EXERCISE
Please repeat the line that has "[diagram v3b: schematic, after]" and all lines after it, exactly as they appear, through the end of the entries.

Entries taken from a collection
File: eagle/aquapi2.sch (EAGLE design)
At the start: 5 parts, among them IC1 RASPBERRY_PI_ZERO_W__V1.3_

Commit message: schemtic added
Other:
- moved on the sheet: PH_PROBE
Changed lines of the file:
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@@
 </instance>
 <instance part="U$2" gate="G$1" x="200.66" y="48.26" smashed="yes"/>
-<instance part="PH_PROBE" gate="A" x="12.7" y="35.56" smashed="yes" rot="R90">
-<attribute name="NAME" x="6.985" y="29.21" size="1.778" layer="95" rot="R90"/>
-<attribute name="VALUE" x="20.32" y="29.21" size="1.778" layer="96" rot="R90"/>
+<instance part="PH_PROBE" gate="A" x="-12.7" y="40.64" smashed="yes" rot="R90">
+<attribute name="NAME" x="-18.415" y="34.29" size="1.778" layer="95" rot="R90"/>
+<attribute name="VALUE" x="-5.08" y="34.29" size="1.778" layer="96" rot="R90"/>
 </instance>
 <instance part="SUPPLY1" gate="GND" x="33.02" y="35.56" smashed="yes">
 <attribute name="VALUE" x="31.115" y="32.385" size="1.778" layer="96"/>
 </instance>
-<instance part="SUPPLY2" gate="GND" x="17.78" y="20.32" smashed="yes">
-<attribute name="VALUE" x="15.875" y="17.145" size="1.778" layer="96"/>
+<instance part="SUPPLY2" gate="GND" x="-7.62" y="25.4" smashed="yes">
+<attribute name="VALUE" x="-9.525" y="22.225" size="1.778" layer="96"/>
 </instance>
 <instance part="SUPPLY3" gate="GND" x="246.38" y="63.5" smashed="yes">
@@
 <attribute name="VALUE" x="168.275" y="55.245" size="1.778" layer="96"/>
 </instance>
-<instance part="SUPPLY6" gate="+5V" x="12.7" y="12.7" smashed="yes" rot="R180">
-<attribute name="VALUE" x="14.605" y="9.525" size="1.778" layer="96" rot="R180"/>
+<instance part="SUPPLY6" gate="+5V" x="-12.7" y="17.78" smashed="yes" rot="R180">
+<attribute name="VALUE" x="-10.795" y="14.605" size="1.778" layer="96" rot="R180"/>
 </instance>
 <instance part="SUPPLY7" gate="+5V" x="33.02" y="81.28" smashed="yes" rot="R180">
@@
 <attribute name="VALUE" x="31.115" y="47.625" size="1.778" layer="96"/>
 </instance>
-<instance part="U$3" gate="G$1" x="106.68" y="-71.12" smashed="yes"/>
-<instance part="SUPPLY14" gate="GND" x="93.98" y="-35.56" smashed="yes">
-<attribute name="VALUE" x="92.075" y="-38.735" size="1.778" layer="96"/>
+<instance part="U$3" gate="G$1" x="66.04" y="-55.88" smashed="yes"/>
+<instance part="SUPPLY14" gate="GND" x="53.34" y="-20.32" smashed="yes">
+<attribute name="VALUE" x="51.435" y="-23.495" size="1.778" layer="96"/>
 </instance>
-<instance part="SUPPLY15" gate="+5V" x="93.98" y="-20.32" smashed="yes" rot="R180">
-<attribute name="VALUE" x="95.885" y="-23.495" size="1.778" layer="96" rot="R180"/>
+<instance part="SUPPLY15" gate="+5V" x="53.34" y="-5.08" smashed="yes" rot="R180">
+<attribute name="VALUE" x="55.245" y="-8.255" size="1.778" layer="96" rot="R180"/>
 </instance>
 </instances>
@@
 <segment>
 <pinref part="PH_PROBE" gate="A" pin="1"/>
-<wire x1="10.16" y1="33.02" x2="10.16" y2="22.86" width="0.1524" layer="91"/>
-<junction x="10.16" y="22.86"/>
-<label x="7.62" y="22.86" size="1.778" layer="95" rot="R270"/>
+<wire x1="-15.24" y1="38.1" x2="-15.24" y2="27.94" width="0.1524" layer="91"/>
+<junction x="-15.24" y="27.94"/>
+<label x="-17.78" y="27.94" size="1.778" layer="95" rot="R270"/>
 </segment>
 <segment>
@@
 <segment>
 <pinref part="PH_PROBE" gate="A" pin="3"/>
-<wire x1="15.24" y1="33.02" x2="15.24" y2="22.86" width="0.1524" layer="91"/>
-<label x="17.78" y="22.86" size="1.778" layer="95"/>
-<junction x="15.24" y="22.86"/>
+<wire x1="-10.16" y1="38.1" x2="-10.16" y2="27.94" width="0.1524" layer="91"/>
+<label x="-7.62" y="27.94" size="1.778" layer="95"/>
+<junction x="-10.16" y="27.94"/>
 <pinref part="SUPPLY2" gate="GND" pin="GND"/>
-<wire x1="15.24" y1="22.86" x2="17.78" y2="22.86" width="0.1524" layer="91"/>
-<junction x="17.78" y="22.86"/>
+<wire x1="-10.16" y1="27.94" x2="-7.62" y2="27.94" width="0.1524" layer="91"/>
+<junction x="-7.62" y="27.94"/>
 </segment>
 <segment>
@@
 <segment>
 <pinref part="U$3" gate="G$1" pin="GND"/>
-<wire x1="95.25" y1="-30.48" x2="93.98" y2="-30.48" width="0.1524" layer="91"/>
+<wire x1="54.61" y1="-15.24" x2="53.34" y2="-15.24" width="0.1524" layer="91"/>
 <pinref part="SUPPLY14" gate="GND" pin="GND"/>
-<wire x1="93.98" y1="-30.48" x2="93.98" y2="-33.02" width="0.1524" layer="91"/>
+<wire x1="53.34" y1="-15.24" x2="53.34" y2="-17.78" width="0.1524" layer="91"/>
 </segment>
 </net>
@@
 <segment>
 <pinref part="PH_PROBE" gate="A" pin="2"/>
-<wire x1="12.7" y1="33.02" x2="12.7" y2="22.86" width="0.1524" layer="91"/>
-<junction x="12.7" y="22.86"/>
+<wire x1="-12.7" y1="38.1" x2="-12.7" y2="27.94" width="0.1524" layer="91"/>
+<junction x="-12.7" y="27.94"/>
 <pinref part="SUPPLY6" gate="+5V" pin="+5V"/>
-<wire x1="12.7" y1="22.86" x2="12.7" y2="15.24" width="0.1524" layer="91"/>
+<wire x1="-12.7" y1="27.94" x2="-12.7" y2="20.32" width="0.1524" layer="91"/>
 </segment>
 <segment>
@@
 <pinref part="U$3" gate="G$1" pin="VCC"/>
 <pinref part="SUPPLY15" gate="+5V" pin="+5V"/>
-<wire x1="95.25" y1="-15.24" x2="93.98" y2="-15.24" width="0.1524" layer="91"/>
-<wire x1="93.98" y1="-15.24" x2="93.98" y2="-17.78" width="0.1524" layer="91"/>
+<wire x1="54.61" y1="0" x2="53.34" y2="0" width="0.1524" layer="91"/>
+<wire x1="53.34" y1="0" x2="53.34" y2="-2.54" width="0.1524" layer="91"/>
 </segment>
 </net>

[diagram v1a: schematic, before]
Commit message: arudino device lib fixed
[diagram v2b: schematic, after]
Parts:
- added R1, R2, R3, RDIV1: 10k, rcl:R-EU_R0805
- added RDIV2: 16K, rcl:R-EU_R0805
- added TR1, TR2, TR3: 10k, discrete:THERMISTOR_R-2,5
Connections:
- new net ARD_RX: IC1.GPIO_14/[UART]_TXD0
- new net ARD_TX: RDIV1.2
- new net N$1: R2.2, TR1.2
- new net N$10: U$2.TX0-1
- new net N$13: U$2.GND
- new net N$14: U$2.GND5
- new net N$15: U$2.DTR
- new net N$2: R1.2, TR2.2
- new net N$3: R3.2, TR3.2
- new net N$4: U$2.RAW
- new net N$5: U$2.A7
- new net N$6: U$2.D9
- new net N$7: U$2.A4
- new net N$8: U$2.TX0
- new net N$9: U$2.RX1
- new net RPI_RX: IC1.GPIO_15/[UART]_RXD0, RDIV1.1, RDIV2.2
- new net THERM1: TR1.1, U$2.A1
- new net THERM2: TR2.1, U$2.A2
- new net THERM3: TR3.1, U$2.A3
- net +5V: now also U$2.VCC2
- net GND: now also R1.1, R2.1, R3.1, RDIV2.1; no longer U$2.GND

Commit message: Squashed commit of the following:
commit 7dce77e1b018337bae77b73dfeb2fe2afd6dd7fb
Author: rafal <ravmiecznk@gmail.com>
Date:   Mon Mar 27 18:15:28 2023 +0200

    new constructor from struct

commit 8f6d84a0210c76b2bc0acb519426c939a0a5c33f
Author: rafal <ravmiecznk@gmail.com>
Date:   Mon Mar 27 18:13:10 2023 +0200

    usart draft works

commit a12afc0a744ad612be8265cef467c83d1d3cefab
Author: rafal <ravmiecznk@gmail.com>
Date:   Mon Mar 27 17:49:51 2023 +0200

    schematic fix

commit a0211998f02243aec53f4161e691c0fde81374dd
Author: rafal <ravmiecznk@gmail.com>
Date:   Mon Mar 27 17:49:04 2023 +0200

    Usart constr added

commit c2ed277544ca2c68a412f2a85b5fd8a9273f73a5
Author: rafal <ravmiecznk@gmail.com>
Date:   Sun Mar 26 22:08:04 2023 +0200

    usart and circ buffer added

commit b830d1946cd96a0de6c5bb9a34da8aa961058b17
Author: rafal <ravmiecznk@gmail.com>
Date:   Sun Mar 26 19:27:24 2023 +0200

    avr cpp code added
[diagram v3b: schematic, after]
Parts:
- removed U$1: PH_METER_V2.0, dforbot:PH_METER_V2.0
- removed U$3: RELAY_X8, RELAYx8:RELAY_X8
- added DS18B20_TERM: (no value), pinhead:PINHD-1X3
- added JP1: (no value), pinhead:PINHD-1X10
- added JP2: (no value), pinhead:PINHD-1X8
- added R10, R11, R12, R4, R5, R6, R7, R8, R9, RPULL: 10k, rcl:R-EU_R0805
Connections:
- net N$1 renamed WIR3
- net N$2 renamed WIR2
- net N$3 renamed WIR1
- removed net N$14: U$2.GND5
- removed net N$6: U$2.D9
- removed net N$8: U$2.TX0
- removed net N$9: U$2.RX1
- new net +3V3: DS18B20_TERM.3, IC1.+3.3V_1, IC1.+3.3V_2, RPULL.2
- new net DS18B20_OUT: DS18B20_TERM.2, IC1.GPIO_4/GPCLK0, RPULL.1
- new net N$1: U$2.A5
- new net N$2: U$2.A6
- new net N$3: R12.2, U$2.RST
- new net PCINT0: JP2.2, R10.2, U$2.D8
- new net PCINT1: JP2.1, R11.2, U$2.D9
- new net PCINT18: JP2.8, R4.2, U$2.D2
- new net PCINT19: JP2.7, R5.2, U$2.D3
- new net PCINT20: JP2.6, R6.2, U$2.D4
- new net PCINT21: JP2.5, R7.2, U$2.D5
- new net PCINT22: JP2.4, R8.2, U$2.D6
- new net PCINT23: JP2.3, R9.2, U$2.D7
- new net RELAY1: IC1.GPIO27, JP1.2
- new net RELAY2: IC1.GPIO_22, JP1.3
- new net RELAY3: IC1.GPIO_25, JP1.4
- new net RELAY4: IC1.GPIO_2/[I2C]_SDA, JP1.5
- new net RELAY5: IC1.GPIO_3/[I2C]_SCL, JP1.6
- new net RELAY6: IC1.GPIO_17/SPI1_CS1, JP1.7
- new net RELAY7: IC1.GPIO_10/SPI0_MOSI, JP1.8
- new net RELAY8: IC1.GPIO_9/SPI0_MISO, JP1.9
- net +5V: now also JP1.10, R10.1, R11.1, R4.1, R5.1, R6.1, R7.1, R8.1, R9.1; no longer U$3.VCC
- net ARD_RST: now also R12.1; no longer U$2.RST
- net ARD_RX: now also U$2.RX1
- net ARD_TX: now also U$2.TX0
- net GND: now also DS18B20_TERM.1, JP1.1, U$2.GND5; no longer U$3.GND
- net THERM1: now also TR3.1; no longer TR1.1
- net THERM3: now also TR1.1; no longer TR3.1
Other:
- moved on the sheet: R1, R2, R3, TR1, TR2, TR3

REPLY
[diagram v3b: schematic, after]
Parts:
- removed U$1: PH_METER_V2.0, dforbot:PH_METER_V2.0
- removed U$3: RELAY_X8, RELAYx8:RELAY_X8
- added DS18B20_TERM: (no value), pinhead:PINHD-1X3
- added JP1: (no value), pinhead:PINHD-1X10
- added JP2: (no value), pinhead:PINHD-1X8
- added R10, R11, R12, R4, R5, R6, R7, R8, R9, RPULL: 10k, rcl:R-EU_R0805
Connections:
- net N$1 renamed WIR3
- net N$2 renamed WIR2
- net N$3 renamed WIR1
- removed net N$14: U$2.GND5
- removed net N$6: U$2.D9
- removed net N$8: U$2.TX0
- removed net N$9: U$2.RX1
- new net +3V3: DS18B20_TERM.3, IC1.+3.3V_1, IC1.+3.3V_2, RPULL.2
- new net DS18B20_OUT: DS18B20_TERM.2, IC1.GPIO_4/GPCLK0, RPULL.1
- new net N$1: U$2.A5
- new net N$2: U$2.A6
- new net N$3: R12.2, U$2.RST
- new net PCINT0: JP2.2, R10.2, U$2.D8
- new net PCINT1: JP2.1, R11.2, U$2.D9
- new net PCINT18: JP2.8, R4.2, U$2.D2
- new net PCINT19: JP2.7, R5.2, U$2.D3
- new net PCINT20: JP2.6, R6.2, U$2.D4
- new net PCINT21: JP2.5, R7.2, U$2.D5
- new net PCINT22: JP2.4, R8.2, U$2.D6
- new net PCINT23: JP2.3, R9.2, U$2.D7
- new net RELAY1: IC1.GPIO27, JP1.2
- new net RELAY2: IC1.GPIO_22, JP1.3
- new net RELAY3: IC1.GPIO_25, JP1.4
- new net RELAY4: IC1.GPIO_2/[I2C]_SDA, JP1.5
- new net RELAY5: IC1.GPIO_3/[I2C]_SCL, JP1.6
- new net RELAY6: IC1.GPIO_17/SPI1_CS1, JP1.7
- new net RELAY7: IC1.GPIO_10/SPI0_MOSI, JP1.8
- new net RELAY8: IC1.GPIO_9/SPI0_MISO, JP1.9
- net +5V: now also JP1.10, R10.1, R11.1, R4.1, R5.1, R6.1, R7.1, R8.1, R9.1; no longer U$3.VCC
- net ARD_RST: now also R12.1; no longer U$2.RST
- net ARD_RX: now also U$2.RX1
- net ARD_TX: now also U$2.TX0
- net GND: now also DS18B20_TERM.1, JP1.1, U$2.GND5; no longer U$3.GND
- net THERM1: now also TR3.1; no longer TR1.1
- net THERM3: now also TR1.1; no longer TR3.1
Other:
- moved on the sheet: R1, R2, R3, TR1, TR2, TR3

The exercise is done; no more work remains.